14. Revised Workflow
Question
What are the key metadata points we should extract from
born-digital records and later represent in EAD?
Answer
1. Names of each folder <unittitle>
2. Modified dates of the oldest and newest files <unitdate>
3. Numbers of folders and numbers of files <extent>
15. Current Description Workflow
Complete digital records processing for Mudd Library can be found at:
http://rbsc.princeton.edu/policies/guidance-recommended-file-formats
.txt
.csv
.xls
.xml
16. Current Description Workflow: Extract
Shell script to extract <unittitle>, <unitdate>, and <extent> values
-maxdepth 1
17. Current Description Workflow: Transform
Output of shell script as .txt file
Output of shell script transformed into EAD
18. Description Workflow Enhancements
Eliminate string values for <extent> elements and
minimize post-processing of data
Use topic modeling for textual data (fondz or another
program) and write scripts for basic textual analysis
(e.g., automated page count for PDF’s)
Index all names of directories and files and represent
their structure through a file browser embedded in the
finding aid and/or the repository (Hydra)
Editor's Notes
Hello, I am Rossy Mendez and I am the Public Services Project Archivist at the Seeley G. Mudd Manuscript Library and my colleague is Jarrett Drake who is the Digital Archivist at Mudd and we are here to talk to you about our process in maximizing description to enhance access to born-digital archival collections.

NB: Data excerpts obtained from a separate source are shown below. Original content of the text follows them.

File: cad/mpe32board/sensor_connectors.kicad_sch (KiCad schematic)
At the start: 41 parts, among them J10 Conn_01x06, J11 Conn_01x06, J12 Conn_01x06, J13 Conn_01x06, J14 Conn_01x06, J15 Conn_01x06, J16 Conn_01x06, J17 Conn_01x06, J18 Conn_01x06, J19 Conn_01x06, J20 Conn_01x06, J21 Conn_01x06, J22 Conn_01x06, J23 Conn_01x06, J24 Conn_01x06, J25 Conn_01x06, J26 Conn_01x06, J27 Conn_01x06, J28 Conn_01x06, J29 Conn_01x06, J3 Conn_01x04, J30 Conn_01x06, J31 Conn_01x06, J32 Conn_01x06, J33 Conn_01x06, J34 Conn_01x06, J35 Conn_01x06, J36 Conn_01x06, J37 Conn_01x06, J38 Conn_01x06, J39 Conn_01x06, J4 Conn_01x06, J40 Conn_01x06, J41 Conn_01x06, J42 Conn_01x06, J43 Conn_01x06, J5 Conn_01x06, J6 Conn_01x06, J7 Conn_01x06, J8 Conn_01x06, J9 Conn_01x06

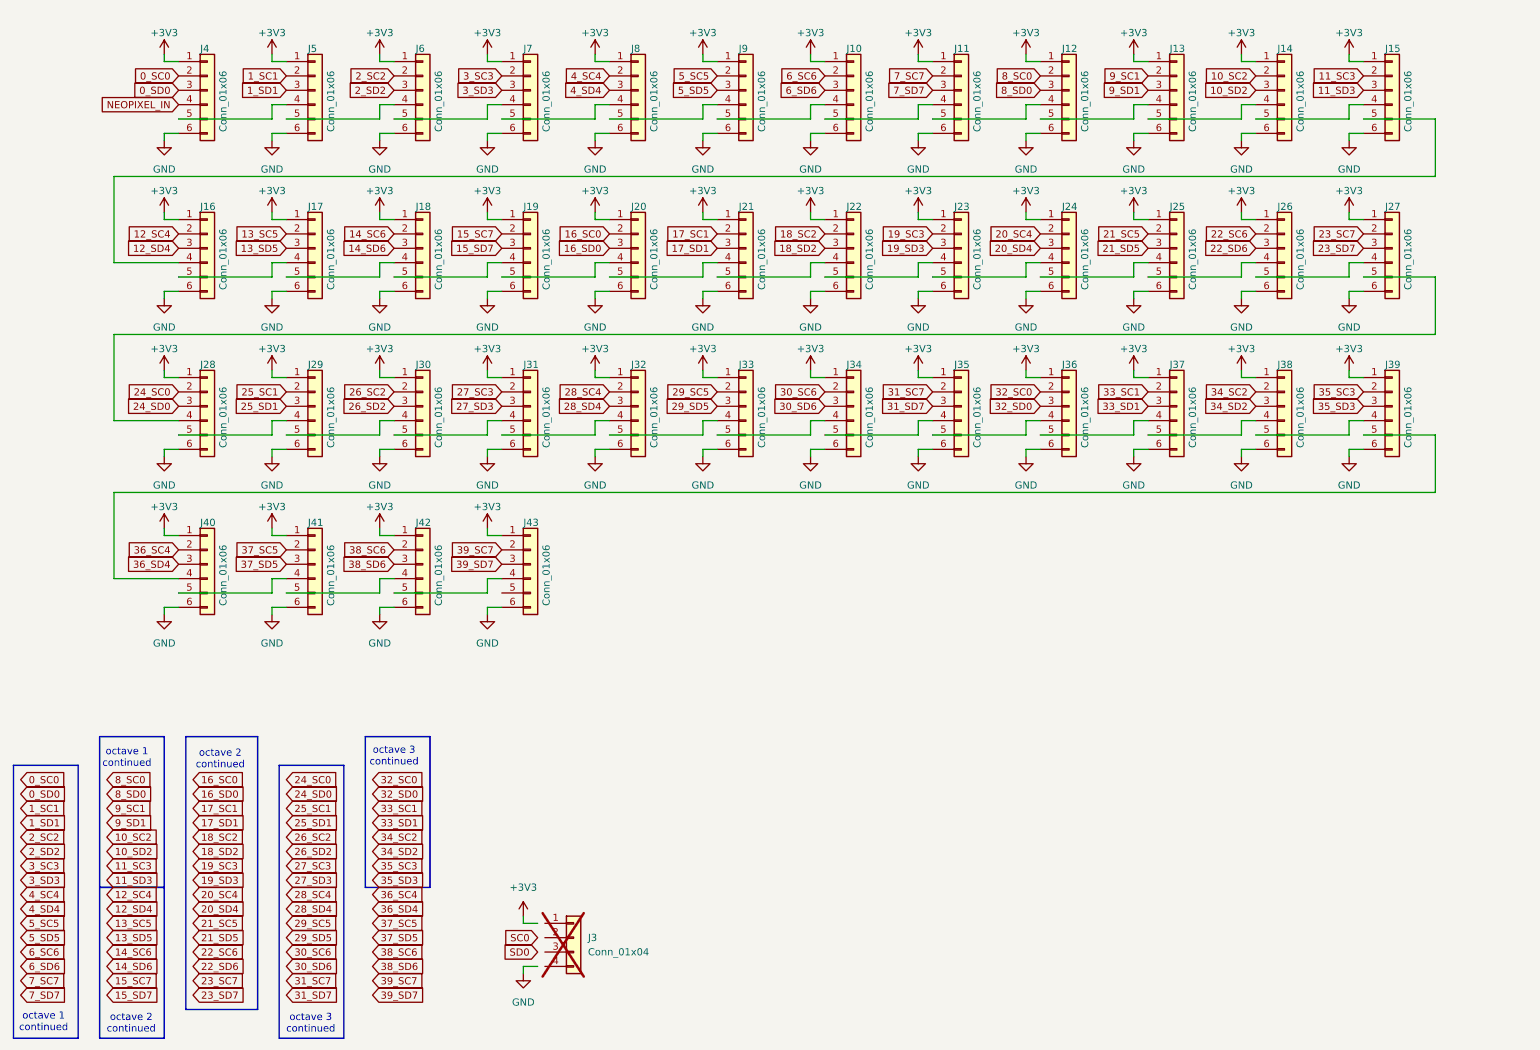
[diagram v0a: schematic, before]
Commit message: add sdram
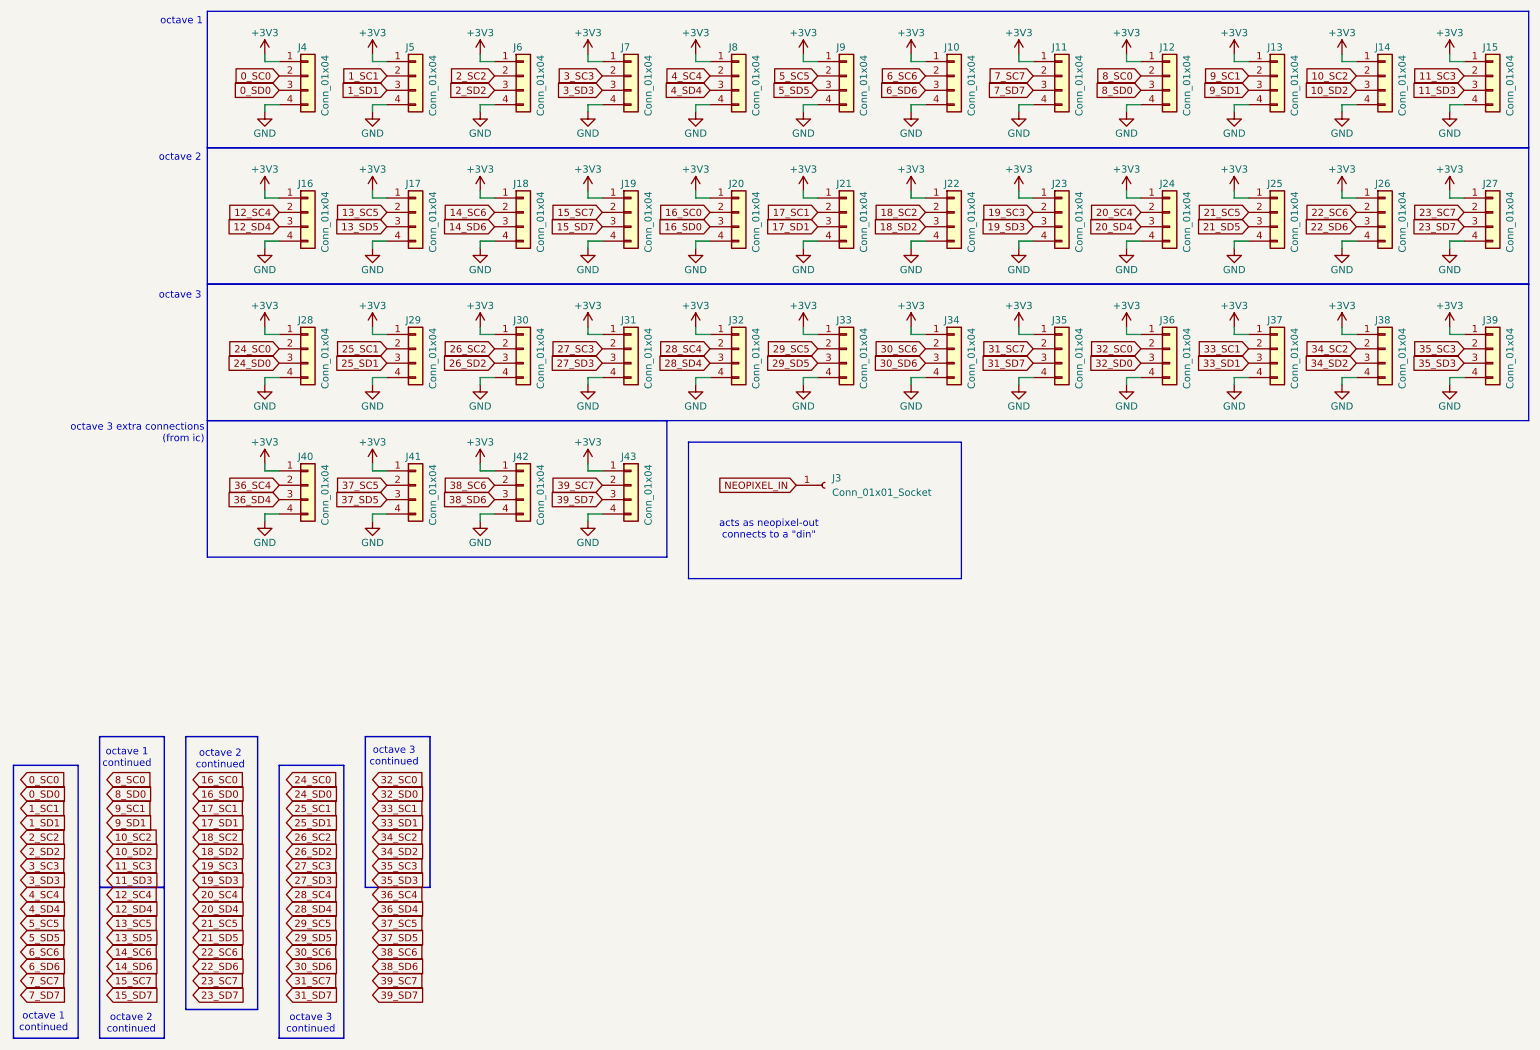
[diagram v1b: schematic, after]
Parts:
- removed J10, J11, J12, J13, J14, J15, J16, J17, J18, J19, J20, J21, J22, J23, J24, J25, J26, J27, J28, J29, J30, J31, J32, J33, J34, J35, J36, J37, J38, J39, J4, J40, J41, J42, J43, J5, J6, J7, J8, J9: Conn_01x06, Connector_JST:JST_SH_BM06B-SRSS-TB_1x06-1MP_P1.00mm_Vertical, symbol Connector_Generic:Conn_01x06
- removed J3: Conn_01x04, Connector_JST:JST_SH_BM04B-SRSS-TB_1x04-1MP_P1.00mm_Vertical, symbol Connector_Generic:Conn_01x04
- added J10, J11, J12, J13, J14, J15, J16, J17, J18, J19, J20, J21, J22, J23, J24, J25, J26, J27, J28, J29, J30, J31, J32, J33, J34, J35, J36, J37, J38, J39, J40, J41, J42, J43, J5, J6, J7, J8, J9: Conn_01x04, symbol Connector_Generic:Conn_01x04
- added J3: Conn_01x01_Socket, Connector_PinSocket_2.54mm:PinSocket_1x01_P2.54mm_Vertical, symbol Connector:Conn_01x01_Socket
- added J4: Conn_01x04, Connector_JST:JST_SH_BM04B-SRSS-TB_1x04-1MP_P1.00mm_Vertical, symbol Connector_Generic:Conn_01x04
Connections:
- net +3V3: now also J10.1 (Pin_1), J11.1 (Pin_1), J12.1 (Pin_1), J13.1 (Pin_1), J14.1 (Pin_1), J15.1 (Pin_1), J16.1 (Pin_1), J17.1 (Pin_1), J18.1 (Pin_1), J19.1 (Pin_1), J20.1 (Pin_1), J21.1 (Pin_1), J22.1 (Pin_1), J23.1 (Pin_1), J24.1 (Pin_1), J25.1 (Pin_1), J26.1 (Pin_1), J27.1 (Pin_1), J28.1 (Pin_1), J29.1 (Pin_1), J30.1 (Pin_1), J31.1 (Pin_1), J32.1 (Pin_1), J33.1 (Pin_1), J34.1 (Pin_1), J35.1 (Pin_1), J36.1 (Pin_1), J37.1 (Pin_1), J38.1 (Pin_1), J39.1 (Pin_1), J4.1 (Pin_1), J40.1 (Pin_1), J41.1 (Pin_1), J42.1 (Pin_1), J43.1 (Pin_1), J5.1 (Pin_1), J6.1 (Pin_1), J7.1 (Pin_1), J8.1 (Pin_1), J9.1 (Pin_1)
- net 0_SC0: now also J4.2 (Pin_2)
- net 0_SD0: now also J4.3 (Pin_3)
- net 10_SC2: now also J14.2 (Pin_2)
- net 10_SD2: now also J14.3 (Pin_3)
- net 11_SC3: now also J15.2 (Pin_2)
- net 11_SD3: now also J15.3 (Pin_3)
- net 12_SC4: now also J16.2 (Pin_2)
- net 12_SD4: now also J16.3 (Pin_3)
- net 13_SC5: now also J17.2 (Pin_2)
- net 13_SD5: now also J17.3 (Pin_3)
- net 14_SC6: now also J18.2 (Pin_2)
- net 14_SD6: now also J18.3 (Pin_3)
- net 15_SC7: now also J19.2 (Pin_2)
- net 15_SD7: now also J19.3 (Pin_3)
- net 16_SC0: now also J20.2 (Pin_2)
- net 16_SD0: now also J20.3 (Pin_3)
- net 17_SC1: now also J21.2 (Pin_2)
- net 17_SD1: now also J21.3 (Pin_3)
- net 18_SC2: now also J22.2 (Pin_2)
- net 18_SD2: now also J22.3 (Pin_3)
- net 19_SC3: now also J23.2 (Pin_2)
- net 19_SD3: now also J23.3 (Pin_3)
- net 1_SC1: now also J5.2 (Pin_2)
- net 1_SD1: now also J5.3 (Pin_3)
- net 20_SC4: now also J24.2 (Pin_2)
- net 20_SD4: now also J24.3 (Pin_3)
- net 21_SC5: now also J25.2 (Pin_2)
- net 21_SD5: now also J25.3 (Pin_3)
- net 22_SC6: now also J26.2 (Pin_2)
- net 22_SD6: now also J26.3 (Pin_3)
- net 23_SC7: now also J27.2 (Pin_2)
- net 23_SD7: now also J27.3 (Pin_3)
- net 24_SC0: now also J28.2 (Pin_2)
- net 24_SD0: now also J28.3 (Pin_3)
- net 25_SC1: now also J29.2 (Pin_2)
- net 25_SD1: now also J29.3 (Pin_3)
- net 26_SC2: now also J30.2 (Pin_2)
- net 26_SD2: now also J30.3 (Pin_3)
- net 27_SC3: now also J31.2 (Pin_2)
- net 27_SD3: now also J31.3 (Pin_3)
- net 28_SC4: now also J32.2 (Pin_2)
- net 28_SD4: now also J32.3 (Pin_3)
- net 29_SC5: now also J33.2 (Pin_2)
- net 29_SD5: now also J33.3 (Pin_3)
- net 2_SC2: now also J6.2 (Pin_2)
- net 2_SD2: now also J6.3 (Pin_3)
- net 30_SC6: now also J34.2 (Pin_2)
- net 30_SD6: now also J34.3 (Pin_3)
- net 31_SC7: now also J35.2 (Pin_2)
- net 31_SD7: now also J35.3 (Pin_3)
- net 32_SC0: now also J36.2 (Pin_2)
- net 32_SD0: now also J36.3 (Pin_3)
- net 33_SC1: now also J37.2 (Pin_2)
- net 33_SD1: now also J37.3 (Pin_3)
- net 34_SC2: now also J38.2 (Pin_2)
- net 34_SD2: now also J38.3 (Pin_3)
- net 35_SC3: now also J39.2 (Pin_2)
- net 35_SD3: now also J39.3 (Pin_3)
- net 36_SC4: now also J40.2 (Pin_2)
- net 36_SD4: now also J40.3 (Pin_3)
- net 37_SC5: now also J41.2 (Pin_2)
- net 37_SD5: now also J41.3 (Pin_3)
- net 38_SC6: now also J42.2 (Pin_2)
- net 38_SD6: now also J42.3 (Pin_3)
- net 39_SC7: now also J43.2 (Pin_2)
- net 39_SD7: now also J43.3 (Pin_3)
- net 3_SC3: now also J7.2 (Pin_2)
- net 3_SD3: now also J7.3 (Pin_3)
- net 4_SC4: now also J8.2 (Pin_2)
- net 4_SD4: now also J8.3 (Pin_3)
- net 5_SC5: now also J9.2 (Pin_2)
- net 5_SD5: now also J9.3 (Pin_3)
- net 6_SC6: now also J10.2 (Pin_2)
- net 6_SD6: now also J10.3 (Pin_3)
- net 7_SC7: now also J11.2 (Pin_2)
- net 7_SD7: now also J11.3 (Pin_3)
- net 8_SC0: now also J12.2 (Pin_2)
- net 8_SD0: now also J12.3 (Pin_3)
- net 9_SC1: now also J13.2 (Pin_2)
- net 9_SD1: now also J13.3 (Pin_3)
- net GND: now also J10.4 (Pin_4), J11.4 (Pin_4), J12.4 (Pin_4), J13.4 (Pin_4), J14.4 (Pin_4), J15.4 (Pin_4), J16.4 (Pin_4), J17.4 (Pin_4), J18.4 (Pin_4), J19.4 (Pin_4), J20.4 (Pin_4), J21.4 (Pin_4), J22.4 (Pin_4), J23.4 (Pin_4), J24.4 (Pin_4), J25.4 (Pin_4), J26.4 (Pin_4), J27.4 (Pin_4), J28.4 (Pin_4), J29.4 (Pin_4), J30.4 (Pin_4), J31.4 (Pin_4), J32.4 (Pin_4), J33.4 (Pin_4), J34.4 (Pin_4), J35.4 (Pin_4), J36.4 (Pin_4), J37.4 (Pin_4), J38.4 (Pin_4), J39.4 (Pin_4), J4.4 (Pin_4), J40.4 (Pin_4), J41.4 (Pin_4), J42.4 (Pin_4), J43.4 (Pin_4), J5.4 (Pin_4), J6.4 (Pin_4), J7.4 (Pin_4), J8.4 (Pin_4), J9.4 (Pin_4)
- net NEOPIXEL_IN: now also J3.1 (Pin_1)
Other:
- note added: "acts as neopixel-out connects to a "din""
- note added: "octave 1"
- note added: "octave 2"
- note added: "octave 3"
- note added: "octave 3 extra connections (from ic)"

First I wanted to talk a little bit about where we work. The Mudd Manuscript Library is part of the Rare Books and Special Collections Division at Princeton University. Our library houses and provide access to the university archives and public policy collections. We have over 30,000 linear feet of records of diverse media as well as several collections that contain born-digital material.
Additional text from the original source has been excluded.